*Exercise description*
With the string "Soporte" as the filter, copy each matching line from the records.

Material provided Block Start

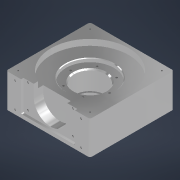
# Autodesk Inventor part: Soporte
Saved by Autodesk Inventor 2022 (Build 260153000, 153)
## iProperties
Created: 2021-09-20
Part Number: Soporte
Material: Aluminum 6061
Document SubType Name: Modeling
Designer: Andres
Density: 2.7 g/cm^3
Appearance: Aluminum - Flat
Author: Andres
Autodesk Inventor part; units mm, degrees
ref_plane "YZ Plane" through (0, 0, 0) normal (1, 0, 0) x (0, 1, 0)
ref_plane "XZ Plane" through (0, 0, 0) normal (0, 1, 0) x (-1, 0, 0)
ref_plane "XY Plane" through (0, 0, 0) normal (0, 0, 1) x (1, 0, 0)
sketch "Sketch1" plane through (0, 0, 0) normal (0, 1, 0) x (-1, 0, 0)
  circle A0 centre (0, 0) radius 65
  line L0 (-70, 70) -> (70, 70)
  line L1 (70, 70) -> (70, -70)
  line L2 (70, -70) -> (-70, -70)
  line L3 (-70, -70) -> (-70, 70)
  line L4 (-70, 70) -> (70, -70) construction
  line L5 (70, 70) -> (-70, -70) construction
  circle A1 centre (0, 0) radius 23
  dimension "d0" = 130
  dimension "d1" = 140
  dimension "d2" = 140
  dimension "Db" = 46
  constraints: 12 end point, 2 centre point, 2 coincident, 2 midpoint, 2 parallel, 1 horizontal, 1 perpendicular
  measures "d0" diameter of A0
  measures "d1" distance of L1.end L2.end
  measures "d2" distance of L0.end L1.end
  measures "Db" diameter of A1
extrude "Extrusion1" add sketch "Sketch1" along normal blind 10 contours L0 L1 L2 L3
extrude "Extrusion2" add sketch "Sketch1" against normal blind 46 contours A0 | L0 L1 L2 L3
sketch "Sketch2" plane through (0, 0, 0) normal (0, 1, 0) x (1, 0, 0)
  circle A0 centre (0, 0) radius 26
  circle A1 centre (0, 0) radius 23 projected
  dimension "d8" = 52
  constraints: 1 centre point, 1 coincident
  measures "d8" diameter of A0
extrude "Extrusion3" cut sketch "Sketch2" against normal blind 38
sketch "Plate Mounting Holes" plane through (-70, 10, 70) normal (0, 0, 1) x (1, 0, 0)
  line L0 (140, -56) -> (140, 0) construction
  line L1 (0, 0) -> (140, 0) construction
  line L2 (0, -56) -> (0, 0) construction
  line L3 (140, -56) -> (0, -56) construction
  line L4 (30, -51) -> (110, -51) construction
  line L5 (110, -51) -> (110, -5) construction
  line L6 (110, -5) -> (30, -5) construction
  line L7 (30, -5) -> (30, -51) construction
  line L8 (30, -51) -> (110, -5) construction
  line L9 (110, -51) -> (30, -5) construction
  point P0 (70, -10)
  point P1 (70, -28)
  point P2 (70, -28)
  point P3 (70, 0)
  dimension "d14" = 5
  dimension "d15" = 5
  dimension "d16" = 80
  constraints: 12 end point, 4 coincident, 4 midpoint, 2 parallel, 1 horizontal, 1 perpendicular, 1 vertical alignment
  measures "d14" distance between parallel lines of L1 L6
  measures "d15" distance between parallel lines of L3 L4
  measures "d16" distance between parallel lines of L5 L7
sketch "PlateHole" plane through (-70, 10, 70) normal (0, 0, 1) x (1, 0, 0)
  line L0 (42, -51) -> (98, -51)
  line L1 (98, -51) -> (98, 0)
  line L2 (98, 0) -> (42, 0)
  line L3 (42, 0) -> (42, -51)
  line L4 (42, -51) -> (98, 0) construction
  line L5 (98, -51) -> (42, 0) construction
  line L6 (140, -56) -> (0, -56) projected
  line L7 (0, 0) -> (140, 0) projected
  circle A0 centre (70, -20) radius 28
  point P0 (70, -10)
  point P1 (70, -25.5)
  point P2 (70, -28)
  point P3 (70, -25.5)
  point P4 (42, -20)
  point P5 (98, -20)
  dimension "d18" = 5
  dimension "d24" = 20
  dimension "d25" = 56
  constraints: 12 end point, 3 midpoint, 2 parallel, 2 tangent, 1 centre point, 1 collinear, 1 horizontal, 1 perpendicular, 1 vertical alignment
  measures "d18" distance between parallel lines of L6 L0
  measures "d24" distance from line of L7 A0.centre
  measures "d25" distance between parallel lines of L1 L3
sketch "Sketch7" plane through (0, 0, 0) normal (0, 1, 0) x (1, 0, 0)
  circle A0 centre (0, 0) radius 26 projected
  circle A1 centre (0, 0) radius 26 projected
  circle A2 centre (0, 0) radius 40
  dimension "d19" = 80
  constraints: 1 centre point, 1 coincident
  measures "d19" diameter of A2
extrude "Extrusion4" cut sketch "Sketch7" against normal blind 6
extrude "Extrusion5" cut sketch "PlateHole" against normal blind 20 contours L3 L2 A0 | A0 L2 | A0 L2 L1 picked at (77.8067, -22.9554)
chamfer "Chamfer2" distance 2 angle 45 1 edges at (-26, -6, 0)
chamfer "Chamfer3" distance 1 angle 45 1 edges at (-40, 0, 0)
sketch "Sketch10" plane through (0, -6, 0) normal (0, 1, 0) x (1, 0, 0)
  circle A0 centre (16.25, 28.1458) radius 3.25 projected
  circle A1 centre (16.25, -28.1458) radius 3.25 projected
  circle A2 centre (-32.5, 0) radius 3.25 projected
  circle A3 centre (-16.25, -28.1458) radius 3.25 projected
  circle A4 centre (32.5, 0) radius 3.25 projected
  circle A5 centre (-16.25, 28.1458) radius 3.25 projected
  circle A6 centre (0, 0) radius 39 projected
  circle A7 centre (0, 0) radius 24.5 projected
hole "Hole2" at (-32.5, -6, 0) at (-16.25, -6, 28.1458) at (16.25, -6, 28.1458) at (32.5, -6, 0) at (16.25, -6, -28.1458) at (-16.25, -6, -28.1458) direction (0, -1, 0) diameter 3.242 depth 11.8 tip angle 118 thread size "M4x0.7" class "6H" standard "ISO Metric profile"
sketch "Sketch11" plane through (-70, -46, 70) normal (0, 0, 1) x (1, 0, 0)
  line L0 (98, 56) -> (98, 36) projected
  arc A0 (42, 36) -> (98, 36) centre (70, 36) ccw projected
  line L1 (42, 36) -> (42, 56) projected
  line L2 (0, 56) -> (42, 56) projected
  line L3 (0, 0) -> (0, 56) projected
  line L4 (140, 0) -> (0, 0) projected
  line L5 (140, 0) -> (140, 56) projected
  line L6 (98, 56) -> (140, 56) projected
  arc A1 (42, 36) -> (98, 36) centre (70, 36) ccw projected
  line L7 (25, 6) -> (115, 6)
  line L8 (25, 6) -> (25, 56)
  line L9 (115, 6) -> (115, 56)
  line L10 (140, 56) -> (0, 56) projected
  point P0 (70, 46)
  point P1 (70, 6)
  point P2 (115, 56)
  dimension "d50" = 30
  dimension "d51" = 90
  constraints: 6 end point, 2 perpendicular, 2 point on line, 1 horizontal, 1 midpoint, 1 vertical, 1 vertical alignment
  measures "d50" distance from line of L7 A0.centre
  measures "d51" distance between parallel lines of L9 L8
extrude "Extrusion6" cut sketch "Sketch11" against normal blind 4 contours L6 L9 L7 L8 L2 L1 A0 L0
fillet "Fillet1" radius 2 2 edges at (45, -40, 68) (-45, -40, 68)
sketch "Sketch13" plane through (-70, -46, 66) normal (0, 0, 1) x (1, 0, 0)
  circle A0 centre (32.5, 53) radius 2.25 projected
  circle A1 centre (32.5, 13) radius 2.25 projected
  circle A2 centre (107.5, 13) radius 2.25 projected
  circle A3 centre (107.5, 53) radius 2.25 projected
  point P0 (70, 46)
hole "Hole3" at (-37.5, 7, 66) at (-37.5, -33, 66) at (37.5, -33, 66) at (37.5, 7, 66) direction (0, 0, -1) diameter 3.242 depth 10 tip angle 118 thread size "M4x0.7" class "6H" standard "ISO Metric profile"
chamfer "Chamfer5" distance 4 angle 45 1 edges at (23, -46, 0)
sketch "Sketch14" plane through (0, 10, 0) normal (0, 1, 0) x (1, 0, 0)
  circle A0 centre (60, 60) radius 3.25 projected
  circle A1 centre (-60, -60) radius 3.25 projected
  circle A2 centre (-60, 60) radius 3.25 projected
  circle A3 centre (60, -60) radius 3.25 projected
  line L0 (45, -66) -> (45, -70) projected
  line L1 (45, -70) -> (67, -70) projected
  line L2 (70, -67) -> (70, 67) projected
  line L3 (67, 70) -> (-67, 70) projected
  line L4 (-70, 67) -> (-70, -67) projected
  line L5 (-67, -70) -> (-45, -70) projected
  line L6 (-45, -70) -> (-45, -66) projected
  line L7 (-45, -66) -> (45, -66) projected
  circle A4 centre (0, 0) radius 24.5 projected
  arc A5 (67, -70) -> (70, -67) centre (67, -67) ccw projected
  arc A6 (70, 67) -> (67, 70) centre (67, 67) ccw projected
  arc A7 (-67, 70) -> (-70, 67) centre (-67, 67) ccw projected
  arc A8 (-70, -67) -> (-67, -70) centre (-67, -67) ccw projected
  point P0 (0, 0)
hole "Hole4" at (-60, 10, 60) at (60, 10, 60) at (60, 10, -60) at (-60, 10, -60) direction (0, -1, 0) diameter 2.459 depth 8.8 tip angle 118 thread size "M3x0.5" class "6H" standard "ISO Metric profile"
fillet "Fillet2" radius 3 4 edges at (70, -18, 70) (70, -18, -70) (-70, -18, -70) (-70, -18, 70)
sketch "Sketch15" plane through (67, 10, -70) normal (0, 0, -1) x (-1, 0, 0)
  line L0 (12, -49) -> (122, -49) construction
  line L1 (122, -49) -> (122, -7) construction
  line L2 (122, -7) -> (12, -7) construction
  line L3 (12, -7) -> (12, -49) construction
  line L4 (12, -49) -> (122, -7) construction
  line L5 (122, -49) -> (12, -7) construction
  line L6 (0, -56) -> (0, 0) construction
  point P0 (67, -10)
  point P1 (67, -28)
  point P2 (0, -28)
  dimension "d73" = 110
  dimension "d74" = 42
  constraints: 12 end point, 3 midpoint, 2 parallel, 1 horizontal, 1 horizontal alignment, 1 perpendicular, 1 vertical alignment
  measures "d73" distance between parallel lines of L1 L3
  measures "d74" distance between parallel lines of L0 L2
hole "Hole5" at (55, 3, -70) at (55, -39, -70) at (-55, -39, -70) at (-55, 3, -70) direction (0, 0, 1) diameter 3.242 depth 11.8 tip angle 118 thread size "M4x0.7" class "6H" standard "ISO Metric profile"
sketch "Sketch16" plane through (-43, -40, 70) normal (0, 0, 1) x (1, 0, 0)
  circle A0 centre (-12, 1) radius 1.621 projected
  circle A1 centre (98, 43) radius 1.621 projected
  circle A2 centre (98, 1) radius 1.621 projected
  circle A3 centre (-12, 43) radius 1.621 projected
  line L0 (-24, 50) -> (-24, -6) projected
  line L1 (110, 50) -> (-24, 50) projected
  line L2 (110, -6) -> (110, 50) projected
  line L3 (-24, -6) -> (110, -6) projected
  point P0 (43, 40)
hole "Hole6" at (-55, 3, 70) at (-55, -39, 70) at (55, -39, 70) at (55, 3, 70) direction (0, 0, -1) diameter 3.242 depth 11.8 tip angle 118 thread size "M4x0.7" class "6H" standard "ISO Metric profile"
equation "\"d15\" = d14"
body "Solid1"

Material provided Block End

*Finished task*
# Autodesk Inventor part: Soporte
Part Number: Soporte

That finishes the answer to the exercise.